PCC Northern Division Champions
- Conference: Pacific Coast Conference
- Record: 18–2 (10–0 PCC)
- Head coach: Hec Edmundson (9th season);
- Captain: Monty Snider
- Home arena: UW Pavilion

= 1928–29 Washington Huskies men's basketball team =

American college basketball season

The 1928–29 Washington Huskies men's basketball team represented the University of Washington for the 1928–29 NCAA college basketball season. Led by ninth-year head coach Hec Edmundson, the Huskies were members of the Pacific Coast Conference and played their home games on campus at the UW Pavilion in Seattle, Washington.

The Huskies were 18–0 overall in the regular season and 10–0 in conference play; first in the Northern division for a second consecutive year.

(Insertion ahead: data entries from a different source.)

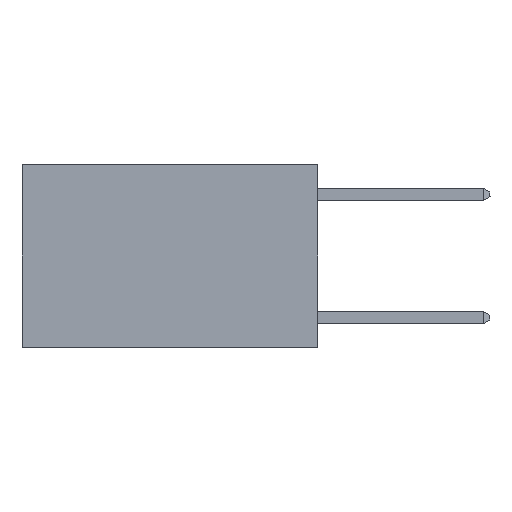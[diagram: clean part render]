
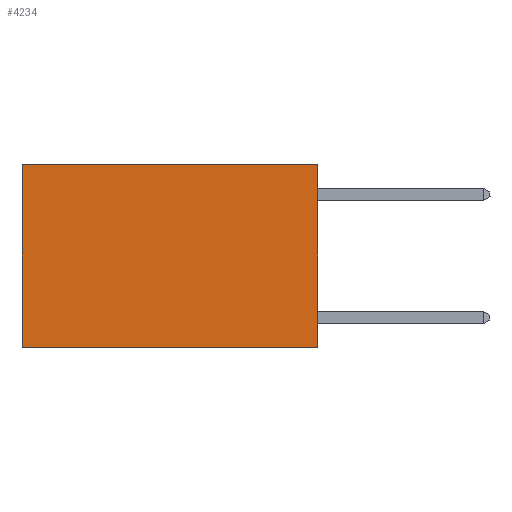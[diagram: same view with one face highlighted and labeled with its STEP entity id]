
A CAD part, left-side view. The second image highlights one B-rep face of the part: STEP entity #4234.
In plain terms, the highlighted planar face has unit normal (-1, 0, 0).
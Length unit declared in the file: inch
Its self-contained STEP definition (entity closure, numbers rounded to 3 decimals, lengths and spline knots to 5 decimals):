
#68 = VECTOR ( 'NONE', #19701, 39.37008 ) ;
#209 = CARTESIAN_POINT ( 'NONE',  ( 0.2625, 0., -0.37 ) ) ;
#572 = EDGE_CURVE ( 'NONE', #8072, #10551, #11175, .T. ) ;
#1167 = LINE ( 'NONE', #19522, #68 ) ;
#1258 = PLANE ( 'NONE',  #15353 ) ;
#1489 = DIRECTION ( 'NONE',  ( 0., 0., -1. ) ) ;
#2382 = CARTESIAN_POINT ( 'NONE',  ( 0.2625, 0.6, -0.37 ) ) ;
#2721 = ORIENTED_EDGE ( 'NONE', *, *, #7398, .T. ) ;
#2993 = CARTESIAN_POINT ( 'NONE',  ( 0.2625, 0., 0. ) ) ;
#3931 = VECTOR ( 'NONE', #5389, 39.37008 ) ;
#4234 = ADVANCED_FACE ( 'NONE', ( #5694 ), #1258, .F. ) ;
#5389 = DIRECTION ( 'NONE',  ( 0., 0., -1. ) ) ;
#5646 = ORIENTED_EDGE ( 'NONE', *, *, #14757, .F. ) ;
#5694 = FACE_OUTER_BOUND ( 'NONE', #10221, .T. ) ;
#5791 = DIRECTION ( 'NONE',  ( 1., 0., 0. ) ) ;
#6841 = CARTESIAN_POINT ( 'NONE',  ( 0.2625, 0.6, 0. ) ) ;
#6883 = LINE ( 'NONE', #19208, #3931 ) ;
#7398 = EDGE_CURVE ( 'NONE', #12377, #9652, #6883, .T. ) ;
#7489 = VECTOR ( 'NONE', #1489, 39.37008 ) ;
#7630 = CARTESIAN_POINT ( 'NONE',  ( 0.2625, 0., -0.37 ) ) ;
#8072 = VERTEX_POINT ( 'NONE', #14130 ) ;
#9652 = VERTEX_POINT ( 'NONE', #2382 ) ;
#10221 = EDGE_LOOP ( 'NONE', ( #2721, #5646, #16509, #12546 ) ) ;
#10551 = VERTEX_POINT ( 'NONE', #209 ) ;
#10674 = LINE ( 'NONE', #7630, #10773 ) ;
#10773 = VECTOR ( 'NONE', #12026, 39.37008 ) ;
#11175 = LINE ( 'NONE', #2993, #7489 ) ;
#11996 = DIRECTION ( 'NONE',  ( 0., 0., -1. ) ) ;
#12026 = DIRECTION ( 'NONE',  ( 0., 1., 0. ) ) ;
#12377 = VERTEX_POINT ( 'NONE', #6841 ) ;
#12546 = ORIENTED_EDGE ( 'NONE', *, *, #13730, .T. ) ;
#13730 = EDGE_CURVE ( 'NONE', #8072, #12377, #1167, .T. ) ;
#14130 = CARTESIAN_POINT ( 'NONE',  ( 0.2625, 0., 0. ) ) ;
#14757 = EDGE_CURVE ( 'NONE', #10551, #9652, #10674, .T. ) ;
#15353 = AXIS2_PLACEMENT_3D ( 'NONE', #16755, #5791, #11996 ) ;
#16509 = ORIENTED_EDGE ( 'NONE', *, *, #572, .F. ) ;
#16755 = CARTESIAN_POINT ( 'NONE',  ( 0.2625, 0., 0. ) ) ;
#19208 = CARTESIAN_POINT ( 'NONE',  ( 0.2625, 0.6, 0. ) ) ;
#19522 = CARTESIAN_POINT ( 'NONE',  ( 0.2625, 0., 0. ) ) ;
#19701 = DIRECTION ( 'NONE',  ( 0., 1., 0. ) ) ;

Undefeated Washington hosted Southern division winner California in the Pacific Coast championship series, but lost two straight. It was the sixth consecutive win for the Southern division in the title series.

The National Invitation Tournament (NIT) debuted in 1938, and the NCAA Tournament in 1939.

==Postseason results==

| Date time, TV | Opponent | Result | Record | Site (attendance) city, state |
Pacific Coast Conference Playoff Series
| Fri, March 1 | California Game One | L 31–43 | 18–1 | UW Pavilion (8,000) Seattle, Washington |
| Sat, March 2 | California Game Two | L 27–30 | 18–2 | UW Pavilion (8,000) Seattle, Washington |
*Non-conference game. (#) Tournament seedings in parentheses. All times are in Pacific time.